By Tuesday morning, the White House stopped the wordplay and got its message together. "This is the beginning of an invasion," Deputy National Security Adviser Jon Finer said on CNN. "An invasion is an invasion, and that is what is underway."

Among some on the right, a secondary debate emerged over whether Putin is acting in reaction to the specific weakness of Biden and whether Putin would have moved against Ukraine if Donald Trump were still president. There was an unpredictability about Trump, they argued — call it the Soleimani effect, after the top Iranian general Trump ordered U.S. forces to kill in January 2020. A shocking action like that will get other foreign leaders' attention, Trump supporters say.

"Legacy media is going to have a very tough time working around the fact that the tyrant Putin invaded Ukraine in 2014 and will do so again in 2022 but did not do so between 2017 and 2020," tweeted conservative radio host Hugh Hewitt. "Why was Putin deterred in those years but not now or in 2014? Don't expect a lot of analysis."

National Review editor Rich Lowry added: "The sheer unpredictability of Trump, his anger at being defied or disrespected, his willingness to take the occasional big risk (the Suleimani strike), all had to make Putin frightened or wary of him in a way that he simply isn't of Joe Biden."

Anti-Trump voices immediately struck back. "This is some Dollar Store revisionism," tweeted Rick Wilson, co-founder of the Resistance fundraising group The Lincoln Project. "Trump never once showed any anger, risk-taking or unpredictability with Putin. He showed deference, adoration, admiration, obedience, and sought to wreck NATO, Putin's highest goals. Putin didn't need to buy the cow. The milk was free."

Many others in anti-Trump circles made similar arguments. But they ignored the fact that Trump's policies were, in fact, tougher on Russia than predecessor Barack Obama's. In a January 2021 newsletter, I recounted the case that a Republican lawmaker made to me that Trump was tough on Russia. Trump had, the lawmaker said: 1) Bombed Syria, Russia's main client, and unleashed the U.S. military in Syria, including against Russians; 2) Armed Ukraine; 3) Ended the Iran nuclear deal; 4) Browbeat NATO allies to increase defense spending; 5) Approved $130 billion in new defense spending; 6) Added low-yield nuclear weapons to the U.S. arsenal; 7) Started research and development on a new missile after Russia deployed a missile that did not comply with the Intermediate-Range Nuclear Forces Treaty; 8) Shut down Russia's consulate in San Francisco; and 9) Pumped more U.S. oil and gas, making the U.S. more energy independent. And on top of that, Trump kept earlier sanctions on Russia and added new ones himself.

It was a solid record. In Trump's last few weeks in office, CNN's Fareed Zakaria noted, "The dirty little secret about the Trump administration was that while Donald Trump clearly had a kind of soft spot for Putin, the Trump administration was pretty tough on the Russians." Indeed, it was.

So now, there is the Ukraine debate.
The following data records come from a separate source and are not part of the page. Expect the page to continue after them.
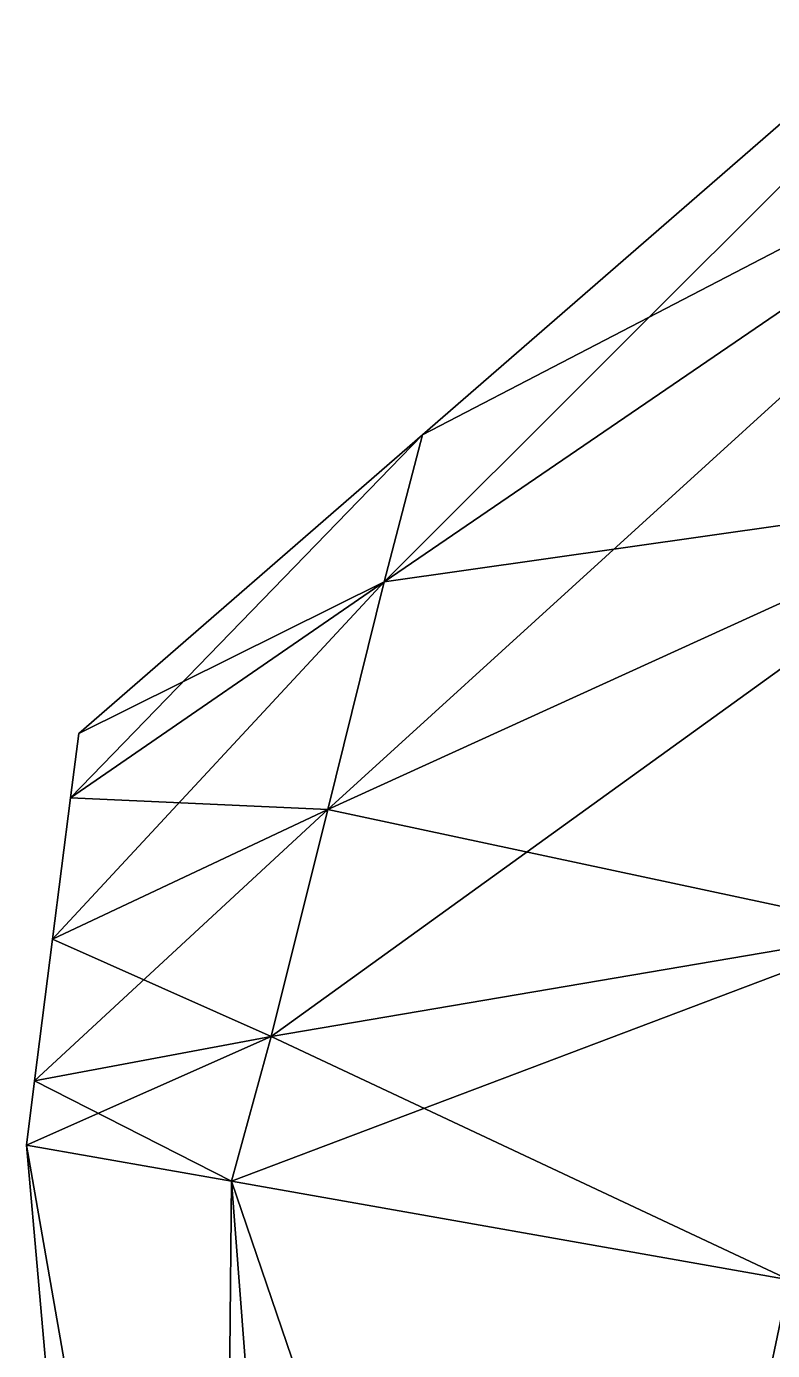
# Model space of a CAD drawing. Header units: metres. Extents: x -1.14 to 1.51, y -0.35 to 3.51.
# Drawn here: x -1.1425 to -1.0364, y 0.6061 to 0.7943 of the extents above; entities that cross this region are included whole.
import ezdxf

# ---------------------------------------------------------------- set-up
doc = ezdxf.new("R2010")
doc.units = ezdxf.units.M

msp = doc.modelspace()

# ---------------------------------------------------------------- linework, layer by layer
at = {"layer": 'Banana'}
for points in [[(-0.96697, 0.83976, 0.07063), (-1.09167, 0.71533, 0.03883), (-1.0862, 0.73622, 0.03883)], [(-0.96697, 0.83976, 0.07063), (-0.98119, 0.79069, 0.07063), (-1.09167, 0.71533, 0.03883)], [(-1.0862, 0.73622, -0.03883), (-0.98119, 0.79069, -0.07062), (-0.96697, 0.83976, -0.07062)], [(-0.96697, 0.83976, 0.07063), (-1.0862, 0.73622, 0.03883), (-0.96697, 0.83976, -0.07062)], [(-0.96697, 0.83976, -0.07062), (-1.0862, 0.73622, 0.03883), (-1.0862, 0.73622, -0.03883)], [(-0.98119, 0.79069, 0.07063), (-1.09966, 0.68296, 0.03883), (-1.09167, 0.71533, 0.03883)], [(-0.98119, 0.79069, 0.07063), (-1.00001, 0.72833, 0.07063), (-1.09966, 0.68296, 0.03883)], [(-1.0862, 0.73622, -0.03883), (-1.09167, 0.71533, -0.03883), (-0.98119, 0.79069, -0.07062)], [(-1.09167, 0.71533, -0.03883), (-1.00001, 0.72833, -0.07062), (-0.98119, 0.79069, -0.07062)], [(-1.0862, 0.73622, 0.03883), (-1.13625, 0.68463, 0), (-1.13508, 0.69377, 0)], [(-1.0862, 0.73622, 0.03883), (-1.09167, 0.71533, 0.03883), (-1.13625, 0.68463, 0)], [(-1.13508, 0.69377, 0), (-1.09167, 0.71533, -0.03883), (-1.0862, 0.73622, -0.03883)], [(-1.13508, 0.69377, 0), (-1.0862, 0.73622, -0.03883), (-1.0862, 0.73622, 0.03883)], [(-1.00001, 0.72833, 0.07063), (-1.10772, 0.6507, 0.03883), (-1.09966, 0.68296, 0.03883)], [(-1.00001, 0.72833, 0.07063), (-1.01907, 0.66578, 0.07063), (-1.10772, 0.6507, 0.03883)], [(-1.09167, 0.71533, -0.03883), (-1.09966, 0.68296, -0.03883), (-1.00001, 0.72833, -0.07062)], [(-1.09966, 0.68296, -0.03883), (-1.01907, 0.66578, -0.07062), (-1.00001, 0.72833, -0.07062)], [(-1.09167, 0.71533, 0.03883), (-1.1388, 0.66451, 0), (-1.13625, 0.68463, 0)], [(-1.09167, 0.71533, 0.03883), (-1.09966, 0.68296, 0.03883), (-1.1388, 0.66451, 0)], [(-1.13508, 0.69377, 0), (-1.13625, 0.68463, 0), (-1.09167, 0.71533, -0.03883)], [(-1.13625, 0.68463, 0), (-1.09966, 0.68296, -0.03883), (-1.09167, 0.71533, -0.03883)], [(-1.13625, 0.68463, 0), (-1.1388, 0.66451, 0), (-1.09966, 0.68296, -0.03883)], [(-1.09966, 0.68296, 0.03883), (-1.14136, 0.6444, 0), (-1.1388, 0.66451, 0)], [(-1.09966, 0.68296, 0.03883), (-1.10772, 0.6507, 0.03883), (-1.14136, 0.6444, 0)], [(-1.1388, 0.66451, 0), (-1.10772, 0.6507, -0.03883), (-1.09966, 0.68296, -0.03883)], [(-1.09966, 0.68296, -0.03883), (-1.10772, 0.6507, -0.03883), (-1.01907, 0.66578, -0.07062)], [(-1.1388, 0.66451, 0), (-1.14136, 0.6444, 0), (-1.10772, 0.6507, -0.03883)], [(-1.01907, 0.66578, 0.07063), (-1.11338, 0.63012, 0.03883), (-1.10772, 0.6507, 0.03883)], [(-1.01907, 0.66578, 0.07063), (-1.03403, 0.61613, 0.07063), (-1.11338, 0.63012, 0.03883)], [(-1.10772, 0.6507, -0.03883), (-1.03403, 0.61613, -0.07062), (-1.01907, 0.66578, -0.07062)], [(-1.10772, 0.6507, 0.03883), (-1.14252, 0.63526, 0), (-1.14136, 0.6444, 0)], [(-1.10772, 0.6507, 0.03883), (-1.11338, 0.63012, 0.03883), (-1.14252, 0.63526, 0)], [(-1.14136, 0.6444, 0), (-1.11338, 0.63012, -0.03883), (-1.10772, 0.6507, -0.03883)], [(-1.10772, 0.6507, -0.03883), (-1.11338, 0.63012, -0.03883), (-1.03403, 0.61613, -0.07062)], [(-1.14136, 0.6444, 0), (-1.14252, 0.63526, 0), (-1.11338, 0.63012, -0.03883)], [(-1.14252, 0.63526, 0), (-1.09136, 0.34266, -0.03883), (-1.11338, 0.63012, -0.03883)], [(-1.14252, 0.63526, 0), (-1.11618, 0.33679, 0), (-1.09136, 0.34266, -0.03883)], [(-1.11338, 0.63012, 0.03883), (-1.11618, 0.33679, 0), (-1.14252, 0.63526, 0)], [(-1.11338, 0.63012, 0.03883), (-1.09136, 0.34266, 0.03883), (-1.11618, 0.33679, 0)], [(-1.11338, 0.63012, -0.03883), (-1.02044, 0.35773, -0.07062), (-1.03403, 0.61613, -0.07062)], [(-1.11338, 0.63012, -0.03883), (-1.09136, 0.34266, -0.03883), (-1.02044, 0.35773, -0.07062)], [(-1.03403, 0.61613, 0.07063), (-1.09136, 0.34266, 0.03883), (-1.11338, 0.63012, 0.03883)], [(-1.03403, 0.61613, 0.07063), (-1.02044, 0.35773, 0.07063), (-1.09136, 0.34266, 0.03883)]]:
    msp.add_3dface(points, dxfattribs=at)

doc.saveas('drawing.dxf')

For all those saying definitively that Trump would have done this or would not have done that: It is simply impossible to know what Trump would do in today's circumstances. It is also impossible to know whether today's circumstances would have developed as they have had Trump been president.

What is possible to know is that Biden, who sold himself during the campaign as a seasoned foreign policy hand, after all, he spent a million years on the Senate Foreign Relations Committee, is not nearly as sure-footed as he would have had us believe. That is becoming clearer every day.

For a deeper dive into many of the topics covered in the Daily Memo, please listen to my podcast, The Byron York Show — available on the Ricochet Audio Network and everywhere else podcasts can be found. You can use this link to subscribe.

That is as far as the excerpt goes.